The length of the consultation periods can vary among different instruments as follows:
- for a draft regional plan—60 business days;
- for a draft State planning regulatory provision—30 business days; and
- otherwise—40 business days.
Similar to consultation for these planning instruments at the State level, when a local government makes a new (or amends an existing) planning scheme or planning scheme policy, it must publish a notice in a newspaper circulating in the local government’s area to allow the public to make submissions about the proposed planning scheme or planning scheme policy. You may not be aware that the local government is required to advise persons who make a properly made submission about how they have dealt with the submission. This information is also to be conveyed to the Minister when it is being decided for approval.
The length of the consultation periods is different for a planning scheme and planning scheme policy as follows:
- for a planning scheme—30 business days; and
- for a planning scheme policy—20 business days.

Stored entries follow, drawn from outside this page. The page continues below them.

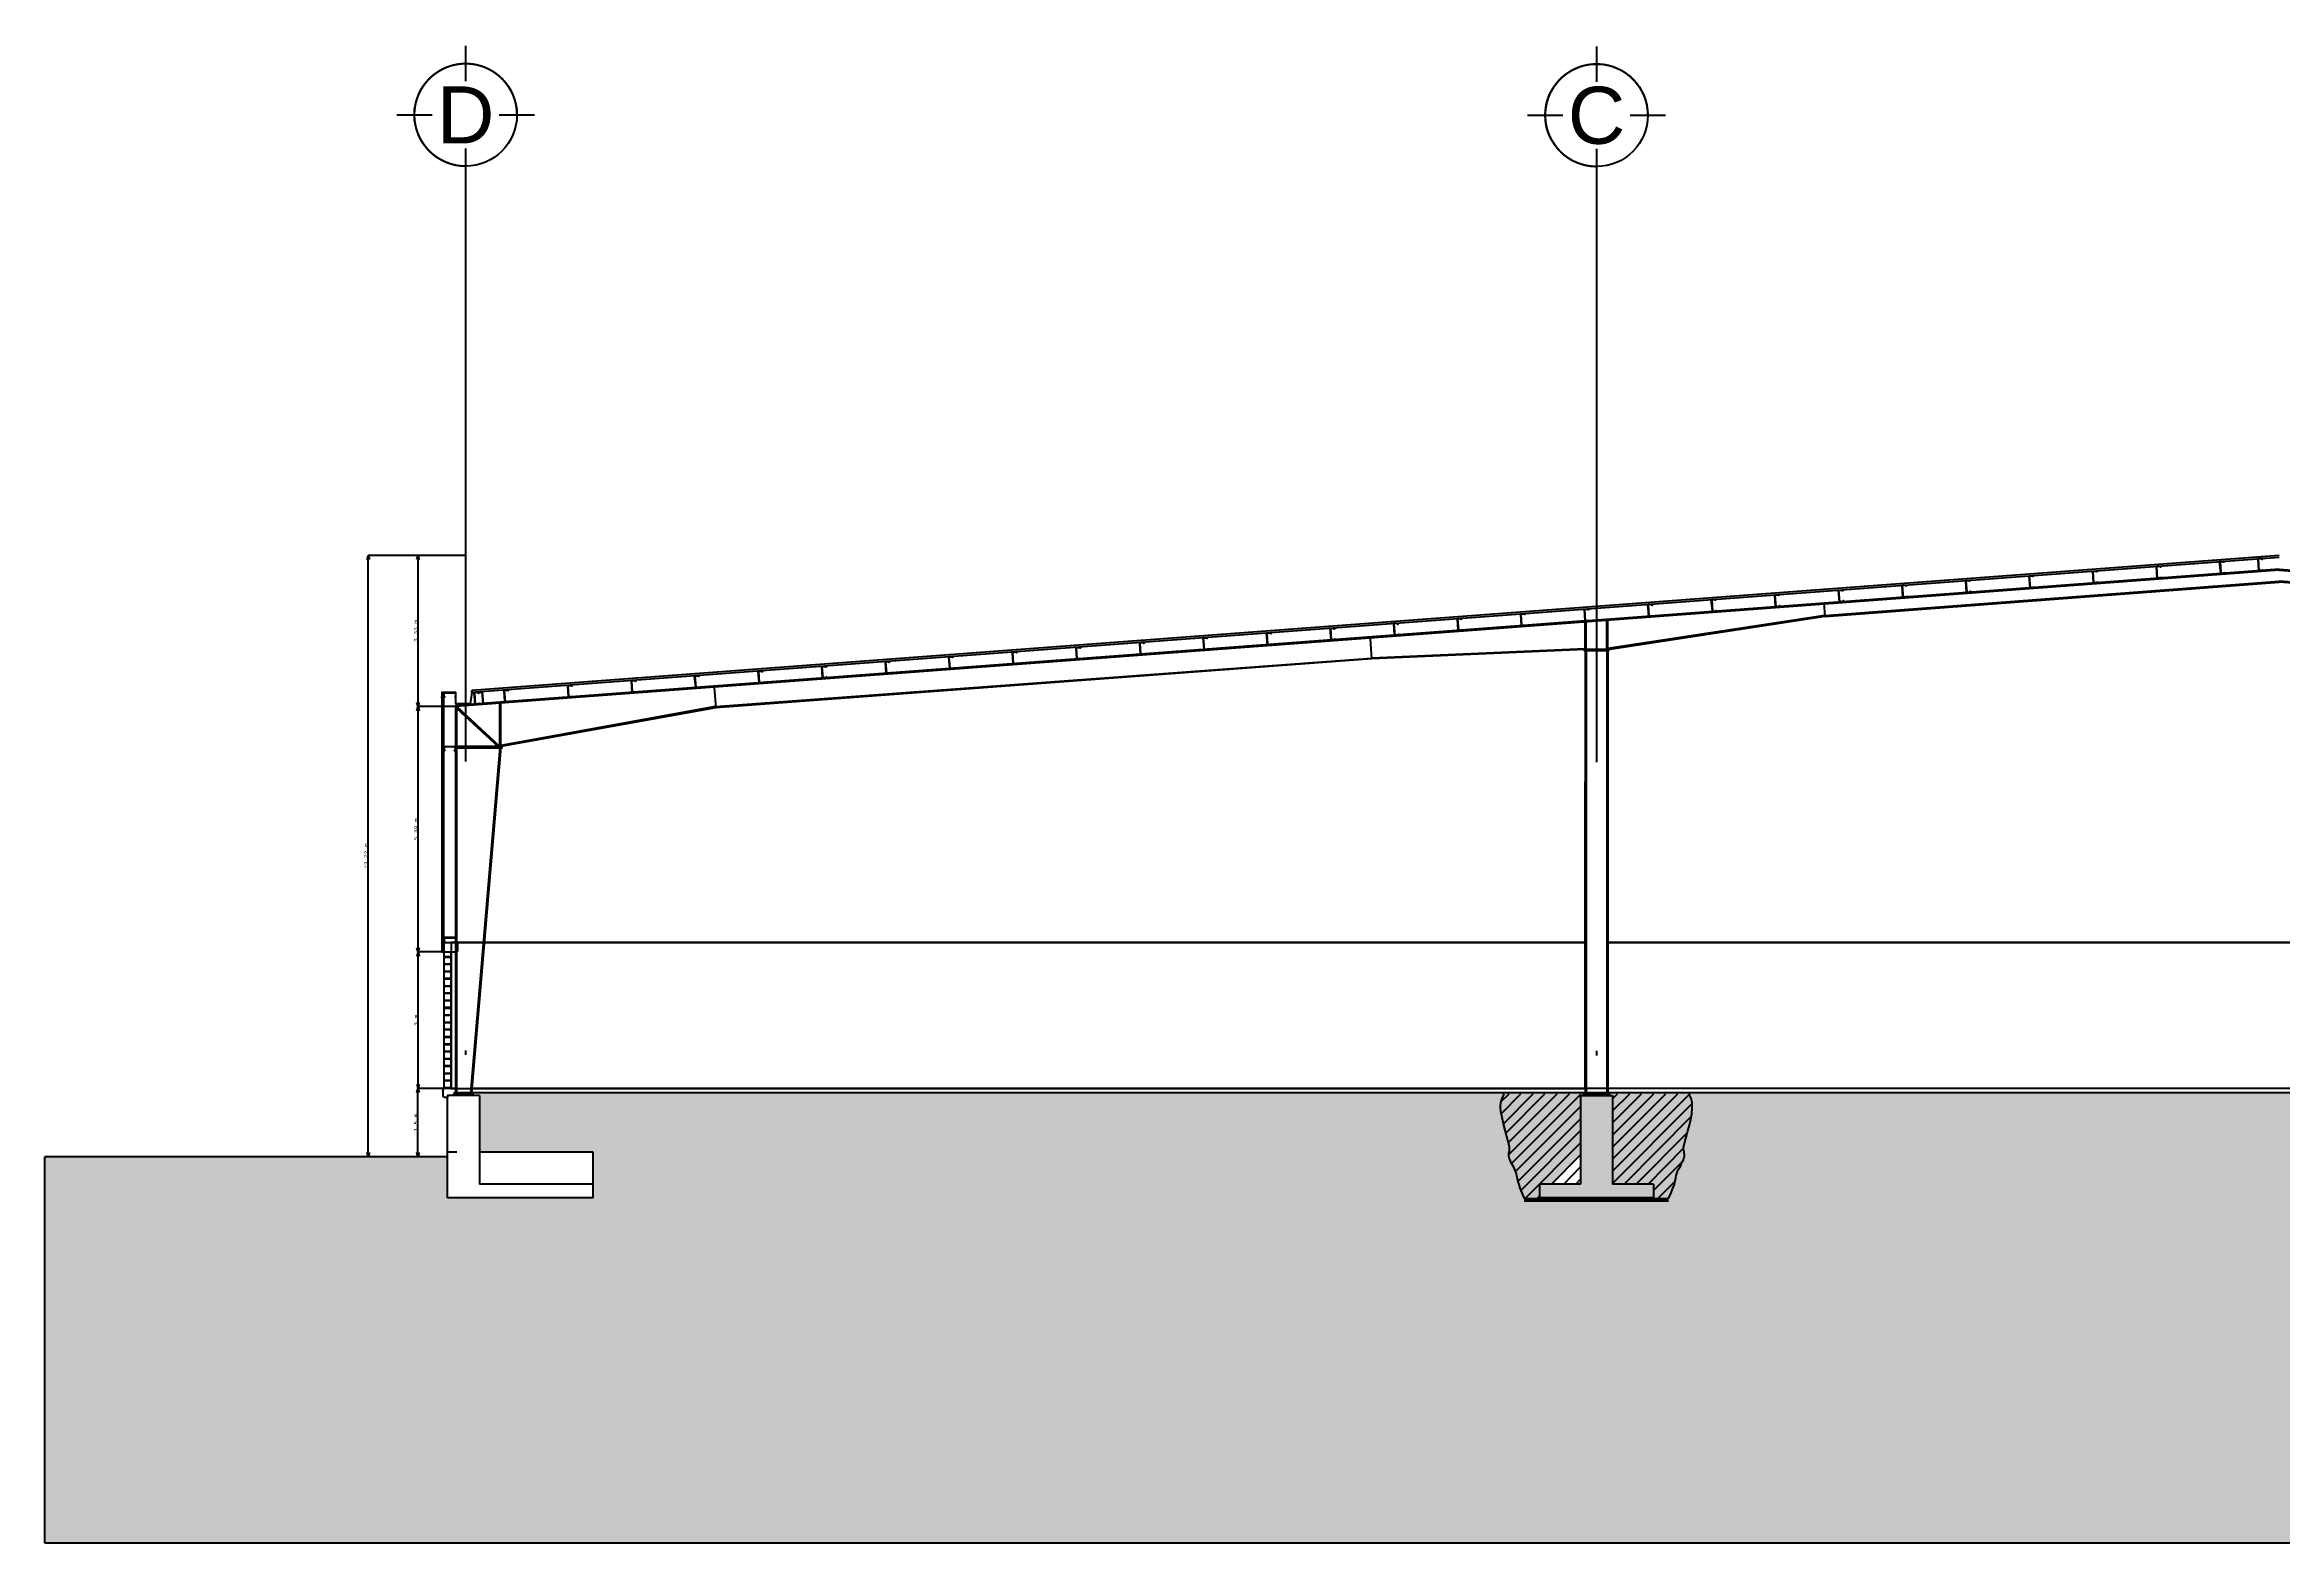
# Model space of a CAD drawing. Header units: metres. Extents: x 851 to 1039, y 791 to 824.
# Drawn here: x 850.73 to 899.86, y 790.97 to 823.92 of the extents above; entities that cross this region are included whole.
import ezdxf
from ezdxf.enums import TextEntityAlignment as Align

# ---------------------------------------------------------------- set-up
doc = ezdxf.new("R2010")
doc.units = ezdxf.units.M
doc.linetypes.add('DASHDOT', pattern=[25.4, 12.7, -6.35, 0, -6.35])
for name, color, linetype in [('1- 09', 2, 'Continuous'), ('1- 1', 1, 'Continuous'), ('1- 2', 223, 'Continuous'), ('1- 3', 3, 'Continuous'), ('ejes', 140, 'DASHDOT'), ('hatch', 9, 'Continuous'), ('MARCO', 254, 'Continuous')]:
    doc.layers.add(name, color=color, linetype=linetype)
doc.layers.add('2', color=223, linetype='Continuous', lineweight=5)
doc.layers.add('3', color=3, linetype='Continuous', lineweight=30)
doc.styles.add('ALA', font='arial.ttf')
doc.styles.get("Standard").update_dxf_attribs({"font": 'cour.ttf', "height": 0.08})
doc.dimstyles.new('ISO-25 (Metros)', dxfattribs={"dimscale": 0.001, "dimtxt": 0.08, "dimasz": 90, "dimexe": 1.25, "dimexo": 0.625, "dimtad": 1, "dimtoh": 1, "dimdsep": 46, "dimtxsty": 'Standard', "dimblk": 'OPEN30', "dimcen": 2.5, "dimclrd": 220, "dimclre": 220, "dimclrt": 220, "dimadec": 0, "dimazin": 0, "dimtfac": 1, "dimtmove": 1, "dimatfit": 3, "dimfxl": 1, "dimarcsym": 0})

# ---------------------------------------------------------------- blocks, each defined once
blk = doc.blocks.new('ejeh')
at = {"layer": 'ejes', "const_width": 0.02}
for points in [[(0, 1.348), (0, 1)], [(-0.326, 0.674), (-0.674, 0.674)], [(0.326, 0.674), (0.674, 0.674)], [(0, 0), (0, 0.348)]]:
    blk.add_lwpolyline(points, dxfattribs=at)
blk.add_lwpolyline([(0, 0.174, -2.414214), (0.5, 0.674, 1)], format="xyb", dxfattribs=at)
at = {"layer": 'ejes'}
blk.add_circle((0, 0.674), 0.5, dxfattribs=at)
blk.add_attdef('X', text='', height=0.556, dxfattribs=at).set_placement((0, 0.674), align=Align.MIDDLE_CENTER)
blk = doc.blocks.new('_Open30')
at = {"color": 0, "linetype": 'ByBlock', "lineweight": -2}
for p, q in [((-1, 0.27), (0, 0)), ((0, 0), (-1, -0.27)), ((0, 0), (-1, 0))]:
    blk.add_line(p, q, dxfattribs=at)
blk = doc.blocks.new('*D26')
at = {"color": 220, "lineweight": -2, "transparency": 16777216}
for p, q in [((859.512, 803.971), (858.938, 803.971)), ((858.939, 801.059), (858.939, 803.881)), ((859.512, 800.969), (858.938, 800.969))]:
    blk.add_line(p, q, dxfattribs=at)
at = {"layer": 'Defpoints', "color": 0, "transparency": 16777216}
for p in [(858.939, 803.971), (859.513, 803.971), (859.513, 800.969)]:
    blk.add_point(p, dxfattribs=at)
at = {"color": 220, "lineweight": -2, "transparency": 16777216, "xscale": 0.09, "yscale": 0.09, "zscale": 0.09}
for p, rotation in [((858.939, 803.971), 90), ((858.939, 800.969), 270)]:
    blk.add_blockref('_Open30', p, dxfattribs=dict(at, rotation=rotation))
at = {"color": 220, "transparency": 16777216, "insert": (858.894, 802.47), "char_height": 0.08, "attachment_point": 5, "rotation": 90}
blk.add_mtext('3 m', dxfattribs=at)
blk = doc.blocks.new('*D27')
at = {"color": 220, "lineweight": -2, "transparency": 16777216}
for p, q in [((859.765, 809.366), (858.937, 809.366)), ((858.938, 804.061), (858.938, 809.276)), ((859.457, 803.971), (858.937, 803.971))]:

Development assessment is undertaken under the Integrated Development Assessment System (IDAS) – a part of the Sustainable Planning Act. Development is categorised into several ‘levels of assessment’ based on the potential impacts and appropriateness of a use for a particular zone. The various levels of assessment are:
- Compliance Assessment;
- Code Assessment; and
- Impact Assessment
Of these, it is important to note that statutory consultation (with avenue for 3rd party appeal) is only available for Impact Assessment development applications. The statutory requirement for public notification requires a notice to be placed on each road frontage of the land, a notice published in a newspaper that circulates in the area of the proposed development and a letter to all adjoining landowners notifying them of the proposed development and how they may make a submission. Generally, the notification period is 15 business days (but in certain circumstances can be 30 business days). During the notification period, anyone may make a submission is support of or objecting to the development. The local government must consider all properly made submissions when deciding the development application. Regardless of what is written in a submission, Council can only ultimately consider planning grounds when making their decision and any emotive or preferential matters (i.e. taste) are likely to be ignored. The planning grounds they primarily consider are contained within the planning scheme and therefore any submission to be made should be in respect of those grounds. Persons who make a properly made submission will be provided with a copy of Council’s decision for the application and a submitter has the right of appeal to the Planning and Environment Court about the decision.
Brisbane City Council provides a very good summary of the consultation procedure for development applications and this information is probably relevant across all Queensland Local Government areas.
The Take Away
You should now have a better idea of the stages and opportunities available for you to get involved and have your say on planning and development in Queensland. For the most meaningful results, our recommendation is to participate at the planning stage (rather than at the development stage) as this is the part of the system where the policy (rules) are made. Anyone can have a say and it is possible to shape the outcome. Your power is great... but timing is key as you need to be aware of the consultation periods. Don’t be like the Kerrigans and wait until it’s too late. Make your voice heard early and make it count by making a ‘properly made’ submission at the planning stage. In the end logic and common sense should prevail because planning by nature is a very logical process.
If this article has inspired you to be more involved in planning matters, you can visit the Department of Justice and Attorney-General webpage were a running list of current and past consultation activities is kept.